Task brief -> Your answer should be the records again, unchanged in wording and free of images.

Given records ->
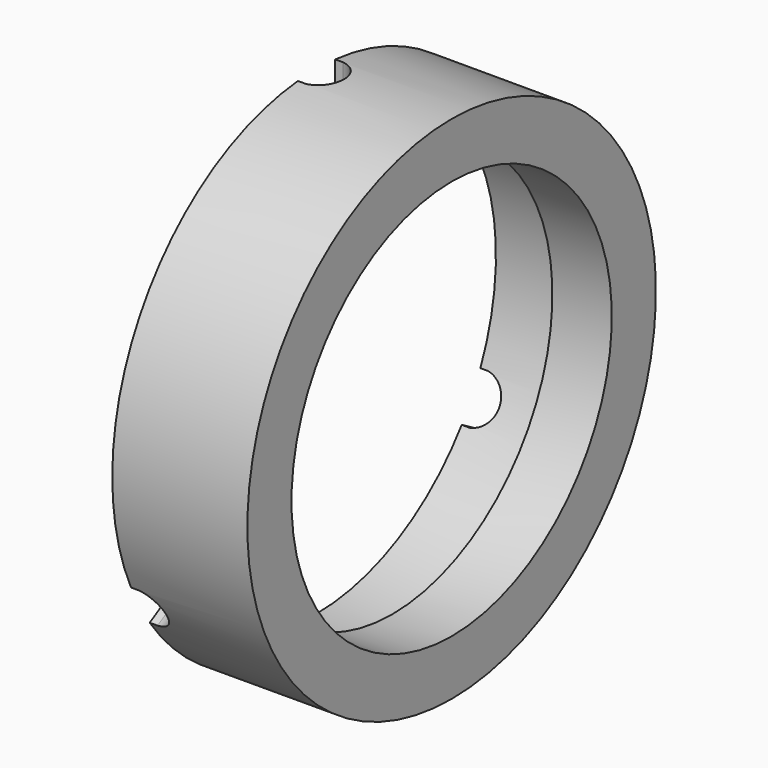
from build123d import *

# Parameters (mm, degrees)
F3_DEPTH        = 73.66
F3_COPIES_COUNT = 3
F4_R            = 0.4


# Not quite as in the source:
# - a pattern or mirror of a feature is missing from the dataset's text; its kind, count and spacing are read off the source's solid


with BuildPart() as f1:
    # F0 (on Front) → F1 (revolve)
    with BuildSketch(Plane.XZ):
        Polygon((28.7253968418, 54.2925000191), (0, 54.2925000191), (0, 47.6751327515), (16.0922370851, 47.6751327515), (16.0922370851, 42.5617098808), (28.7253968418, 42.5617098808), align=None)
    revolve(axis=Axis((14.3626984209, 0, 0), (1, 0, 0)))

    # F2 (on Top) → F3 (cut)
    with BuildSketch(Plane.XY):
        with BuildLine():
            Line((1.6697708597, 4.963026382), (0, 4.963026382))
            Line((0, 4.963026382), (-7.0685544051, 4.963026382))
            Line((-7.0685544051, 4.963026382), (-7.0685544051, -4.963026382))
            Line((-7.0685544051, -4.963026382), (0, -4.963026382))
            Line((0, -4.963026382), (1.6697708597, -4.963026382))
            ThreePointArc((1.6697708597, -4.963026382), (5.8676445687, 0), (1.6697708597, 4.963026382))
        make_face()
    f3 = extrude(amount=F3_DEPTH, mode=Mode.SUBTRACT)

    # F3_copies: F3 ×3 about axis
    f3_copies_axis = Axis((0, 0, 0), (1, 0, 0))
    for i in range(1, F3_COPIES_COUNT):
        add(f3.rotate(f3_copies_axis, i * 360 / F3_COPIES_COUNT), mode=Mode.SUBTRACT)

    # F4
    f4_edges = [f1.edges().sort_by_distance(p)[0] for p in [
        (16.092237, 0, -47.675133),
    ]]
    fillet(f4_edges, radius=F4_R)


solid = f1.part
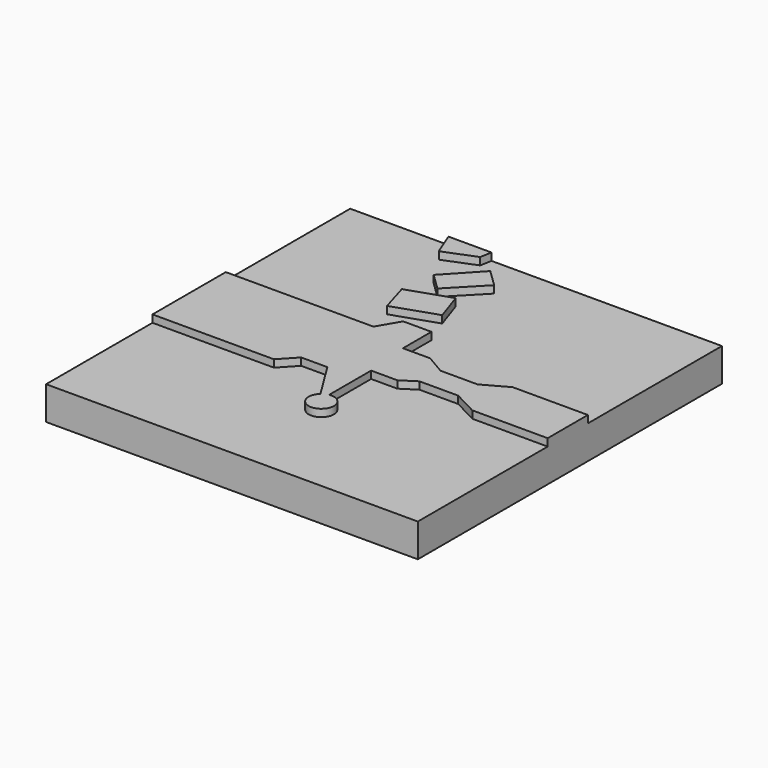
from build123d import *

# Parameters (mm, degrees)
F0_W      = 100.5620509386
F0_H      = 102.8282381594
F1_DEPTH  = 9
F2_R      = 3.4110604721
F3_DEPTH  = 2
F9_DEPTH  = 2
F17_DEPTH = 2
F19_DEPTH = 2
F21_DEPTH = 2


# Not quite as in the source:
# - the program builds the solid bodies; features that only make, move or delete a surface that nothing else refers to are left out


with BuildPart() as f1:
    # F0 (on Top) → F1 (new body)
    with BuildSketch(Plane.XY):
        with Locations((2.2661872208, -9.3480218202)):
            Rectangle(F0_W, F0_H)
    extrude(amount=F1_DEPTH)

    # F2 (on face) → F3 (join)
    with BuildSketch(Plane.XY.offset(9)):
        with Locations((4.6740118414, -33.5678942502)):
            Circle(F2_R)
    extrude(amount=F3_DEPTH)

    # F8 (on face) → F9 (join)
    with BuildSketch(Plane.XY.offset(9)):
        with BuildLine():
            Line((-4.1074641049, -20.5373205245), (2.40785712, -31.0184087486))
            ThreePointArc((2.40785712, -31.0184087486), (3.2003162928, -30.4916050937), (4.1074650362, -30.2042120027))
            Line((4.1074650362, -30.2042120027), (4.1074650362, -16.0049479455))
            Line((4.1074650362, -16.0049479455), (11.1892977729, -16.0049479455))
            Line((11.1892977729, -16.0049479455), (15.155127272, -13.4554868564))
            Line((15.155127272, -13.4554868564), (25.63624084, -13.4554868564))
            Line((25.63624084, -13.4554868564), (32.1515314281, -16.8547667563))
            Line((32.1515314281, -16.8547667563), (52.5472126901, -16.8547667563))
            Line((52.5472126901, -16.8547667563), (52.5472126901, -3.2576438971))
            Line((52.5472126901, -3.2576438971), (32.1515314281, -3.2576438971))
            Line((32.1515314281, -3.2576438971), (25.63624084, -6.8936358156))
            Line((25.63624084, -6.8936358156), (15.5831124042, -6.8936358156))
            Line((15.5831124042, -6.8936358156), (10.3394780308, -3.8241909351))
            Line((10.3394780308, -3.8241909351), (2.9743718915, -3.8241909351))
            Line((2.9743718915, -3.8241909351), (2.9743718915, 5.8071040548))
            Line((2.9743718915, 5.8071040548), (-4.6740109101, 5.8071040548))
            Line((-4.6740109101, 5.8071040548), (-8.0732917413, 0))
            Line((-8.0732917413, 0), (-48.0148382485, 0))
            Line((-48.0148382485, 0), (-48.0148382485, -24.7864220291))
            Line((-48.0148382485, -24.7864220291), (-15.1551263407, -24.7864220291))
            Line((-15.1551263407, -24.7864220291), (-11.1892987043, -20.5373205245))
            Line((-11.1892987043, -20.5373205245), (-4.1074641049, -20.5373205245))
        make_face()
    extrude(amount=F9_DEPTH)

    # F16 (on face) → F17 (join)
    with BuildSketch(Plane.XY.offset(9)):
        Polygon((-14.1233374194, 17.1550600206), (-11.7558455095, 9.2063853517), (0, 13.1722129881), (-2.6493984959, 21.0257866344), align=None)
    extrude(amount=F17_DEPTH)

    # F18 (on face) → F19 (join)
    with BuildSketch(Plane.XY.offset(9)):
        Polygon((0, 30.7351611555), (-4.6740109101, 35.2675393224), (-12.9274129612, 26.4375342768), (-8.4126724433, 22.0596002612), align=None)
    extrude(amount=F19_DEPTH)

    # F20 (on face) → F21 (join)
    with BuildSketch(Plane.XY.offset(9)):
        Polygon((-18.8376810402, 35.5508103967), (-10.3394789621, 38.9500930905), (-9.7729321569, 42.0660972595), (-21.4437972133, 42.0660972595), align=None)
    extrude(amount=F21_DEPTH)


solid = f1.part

Response ->
from build123d import *

# Parameters (mm, degrees)
F3_DEPTH        = 73.66
F3_COPIES_COUNT = 3
F4_R            = 0.4


# Not quite as in the source:
# - a pattern or mirror of a feature is missing from the dataset's text; its kind, count and spacing are read off the source's solid


with BuildPart() as f1:
    # F0 (on Front) → F1 (revolve)
    with BuildSketch(Plane.XZ):
        Polygon((28.7253968418, 54.2925000191), (0, 54.2925000191), (0, 47.6751327515), (16.0922370851, 47.6751327515), (16.0922370851, 42.5617098808), (28.7253968418, 42.5617098808), align=None)
    revolve(axis=Axis((14.3626984209, 0, 0), (1, 0, 0)))

    # F2 (on Top) → F3 (cut)
    with BuildSketch(Plane.XY):
        with BuildLine():
            Line((1.6697708597, 4.963026382), (0, 4.963026382))
            Line((0, 4.963026382), (-7.0685544051, 4.963026382))
            Line((-7.0685544051, 4.963026382), (-7.0685544051, -4.963026382))
            Line((-7.0685544051, -4.963026382), (0, -4.963026382))
            Line((0, -4.963026382), (1.6697708597, -4.963026382))
            ThreePointArc((1.6697708597, -4.963026382), (5.8676445687, 0), (1.6697708597, 4.963026382))
        make_face()
    f3 = extrude(amount=F3_DEPTH, mode=Mode.SUBTRACT)

    # F3_copies: F3 ×3 about axis
    f3_copies_axis = Axis((0, 0, 0), (1, 0, 0))
    for i in range(1, F3_COPIES_COUNT):
        add(f3.rotate(f3_copies_axis, i * 360 / F3_COPIES_COUNT), mode=Mode.SUBTRACT)

    # F4
    f4_edges = [f1.edges().sort_by_distance(p)[0] for p in [
        (16.092237, 0, -47.675133),
    ]]
    fillet(f4_edges, radius=F4_R)


solid = f1.part
from build123d import *

# Parameters (mm, degrees)
F0_W      = 100.5620509386
F0_H      = 102.8282381594
F1_DEPTH  = 9
F2_R      = 3.4110604721
F3_DEPTH  = 2
F9_DEPTH  = 2
F17_DEPTH = 2
F19_DEPTH = 2
F21_DEPTH = 2


# Not quite as in the source:
# - the program builds the solid bodies; features that only make, move or delete a surface that nothing else refers to are left out


with BuildPart() as f1:
    # F0 (on Top) → F1 (new body)
    with BuildSketch(Plane.XY):
        with Locations((2.2661872208, -9.3480218202)):
            Rectangle(F0_W, F0_H)
    extrude(amount=F1_DEPTH)

    # F2 (on face) → F3 (join)
    with BuildSketch(Plane.XY.offset(9)):
        with Locations((4.6740118414, -33.5678942502)):
            Circle(F2_R)
    extrude(amount=F3_DEPTH)

    # F8 (on face) → F9 (join)
    with BuildSketch(Plane.XY.offset(9)):
        with BuildLine():
            Line((-4.1074641049, -20.5373205245), (2.40785712, -31.0184087486))
            ThreePointArc((2.40785712, -31.0184087486), (3.2003162928, -30.4916050937), (4.1074650362, -30.2042120027))
            Line((4.1074650362, -30.2042120027), (4.1074650362, -16.0049479455))
            Line((4.1074650362, -16.0049479455), (11.1892977729, -16.0049479455))
            Line((11.1892977729, -16.0049479455), (15.155127272, -13.4554868564))
            Line((15.155127272, -13.4554868564), (25.63624084, -13.4554868564))
            Line((25.63624084, -13.4554868564), (32.1515314281, -16.8547667563))
            Line((32.1515314281, -16.8547667563), (52.5472126901, -16.8547667563))
            Line((52.5472126901, -16.8547667563), (52.5472126901, -3.2576438971))
            Line((52.5472126901, -3.2576438971), (32.1515314281, -3.2576438971))
            Line((32.1515314281, -3.2576438971), (25.63624084, -6.8936358156))
            Line((25.63624084, -6.8936358156), (15.5831124042, -6.8936358156))
            Line((15.5831124042, -6.8936358156), (10.3394780308, -3.8241909351))
            Line((10.3394780308, -3.8241909351), (2.9743718915, -3.8241909351))
            Line((2.9743718915, -3.8241909351), (2.9743718915, 5.8071040548))
            Line((2.9743718915, 5.8071040548), (-4.6740109101, 5.8071040548))
            Line((-4.6740109101, 5.8071040548), (-8.0732917413, 0))
            Line((-8.0732917413, 0), (-48.0148382485, 0))
            Line((-48.0148382485, 0), (-48.0148382485, -24.7864220291))
            Line((-48.0148382485, -24.7864220291), (-15.1551263407, -24.7864220291))
            Line((-15.1551263407, -24.7864220291), (-11.1892987043, -20.5373205245))
            Line((-11.1892987043, -20.5373205245), (-4.1074641049, -20.5373205245))
        make_face()
    extrude(amount=F9_DEPTH)

    # F16 (on face) → F17 (join)
    with BuildSketch(Plane.XY.offset(9)):
        Polygon((-14.1233374194, 17.1550600206), (-11.7558455095, 9.2063853517), (0, 13.1722129881), (-2.6493984959, 21.0257866344), align=None)
    extrude(amount=F17_DEPTH)

    # F18 (on face) → F19 (join)
    with BuildSketch(Plane.XY.offset(9)):
        Polygon((0, 30.7351611555), (-4.6740109101, 35.2675393224), (-12.9274129612, 26.4375342768), (-8.4126724433, 22.0596002612), align=None)
    extrude(amount=F19_DEPTH)

    # F20 (on face) → F21 (join)
    with BuildSketch(Plane.XY.offset(9)):
        Polygon((-18.8376810402, 35.5508103967), (-10.3394789621, 38.9500930905), (-9.7729321569, 42.0660972595), (-21.4437972133, 42.0660972595), align=None)
    extrude(amount=F21_DEPTH)


solid = f1.part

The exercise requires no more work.